JERUSALEM, 02.03.2023 (NH) – Israel hat stürmische und gewalttätige Großdemonstrationen hinter sich. Die Proteste gegen die geplante Justizreform dauerten den ganzen Tag und bis spät in die Nacht an. Was als “Nationaler Tag der Störung” ausgerufen wurde und mit Demonstrationsmärschen und Straßenblockaden im ganzen Land begann, endete mit Dutzenden Verhaftungen, Verletzten und der Rettung der Ehefrau des israelischen Premierministers aus ihrem Friseursalon in Tel Aviv. Hunderte Protestanten belagerten Sara Netanjahu über Stunden. Israels Ministerpräsident erklärte in einer Fernsehansprache: “Das Recht zu demonstrieren ist nicht das Recht auf Anarchie.”.

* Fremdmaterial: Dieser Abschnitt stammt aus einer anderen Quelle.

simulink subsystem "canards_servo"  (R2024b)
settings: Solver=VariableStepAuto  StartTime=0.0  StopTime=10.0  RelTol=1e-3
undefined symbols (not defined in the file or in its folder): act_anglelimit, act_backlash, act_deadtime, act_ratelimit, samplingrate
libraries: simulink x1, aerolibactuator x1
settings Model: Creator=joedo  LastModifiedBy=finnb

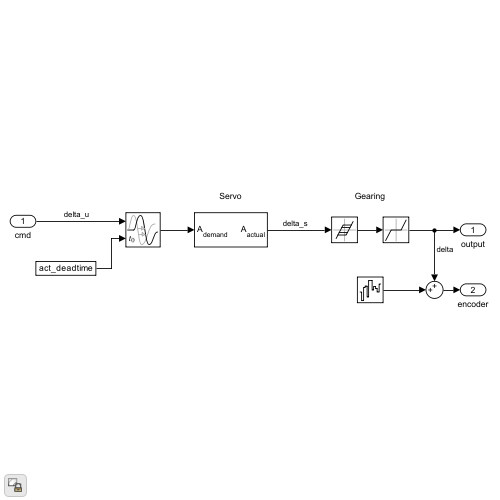
[thumbnail: Simulink's stored preview of the top-level diagram]
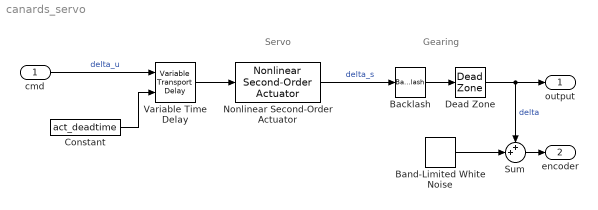
== system canards_servo ==
  note: Servo
  note: Gearing
  cmd : Inport
  Backlash : Backlash  BacklashWidth=deg2rad(act_backlash)
  Band-Limited White Noise : simulink/Sources/Band-Limited White Noise  Cov=[1e-9]  Ts=samplingrate  seed=[24563]
  Constant : Constant  Value=act_deadtime
  Dead Zone : DeadZone  LowerValue=-deg2rad(act_backlash)  UpperValue=deg2rad(act_backlash)
  Nonlinear Second-Order Actuator : aerolibactuator/Nonlinear Second-Order Actuator  wn_fin=act_freq  z_fin=act_damping  fin_max=deg2rad(act_anglelimit)  fin_min=-deg2rad(act_anglelimit)  fin_maxrate=deg2rad(act_ratelimit)  fin_act_0=0  fin_act_vel=0
  Sum : Sum  Inputs=++|
  Variable Time Delay : VariableTransportDelay  MaximumPoints=100
  output : Outport
  encoder : Outport  Port=2
  wires:
  Backlash/1 -> Dead Zone/1
  Nonlinear Second-Order Actuator/1 -> Backlash/1  "delta_s"
  Dead Zone/1 -> output/1, Sum/1  "delta"
  cmd/1 -> Variable Time Delay/1  "delta_u"
  Sum/1 -> encoder/1
  Band-Limited White Noise/1 -> Sum/2
  Variable Time Delay/1 -> Nonlinear Second-Order Actuator/1
  Constant/1 -> Variable Time Delay/2

“Tag der Störung” in geheimen WhatsApp-Gruppen

Die Organisatoren des nationalen “Tag der Störung” riefen bereits am Dienstagabend Zehntausende dazu auf, die Alltagsroutine in Israel lahmzulegen: “Wir werden die öffentliche Ordnung angesichts einer Regierung stören, die versucht, die demokratische Ordnung zu stören.”. Der “zivile Ungehorsam” wurde von israelischen Politikern wie Ehud Barak und Benny Gantz weiter angeheizt und unterstützt. In geheimen WhatsApp Gruppen organisierten sich die Protestler und planten die angekündigten “Überraschungsdemonstrationen”.

Bereits um 7:30 Uhr wurde von ersten Straßenblockaden auf der Autobahn zwischen Tel Aviv und Jerusalem berichtet. Über eine Stunde blockierten Reservisten der Armee mit Stacheldrahtzäunen die Strecke nach Jerusalem. Neben Israels zentraler Autobahnverbindung wurden Dutzende weitere Autobahnkreuze, öffentliche Plätze und Verkehrsmittel im ganzen Land blockiert. Israelis, die im Voraus auf öffentliche Verkehrsmittel umgestiegen sind, stießen auch dort auf die aggressiven Protestler. An den Bahnhöfen in Tel Aviv und Binjamina blockierten Demonstranten die Türen und behinderten die Abfahrt der Züge und Busse.

Von Eltern mit Schulkindern, Ärzten, Professoren und Studenten bis hin zu Landwirten mit Traktoren schlossen sich Tausende Israelis den landesweiten Protestzügen an. Immer wieder durchbrachen die Demonstranten gewaltsam polizeiliche Straßensperren und sorgten für stundenlanges Chaos auf den Straßen.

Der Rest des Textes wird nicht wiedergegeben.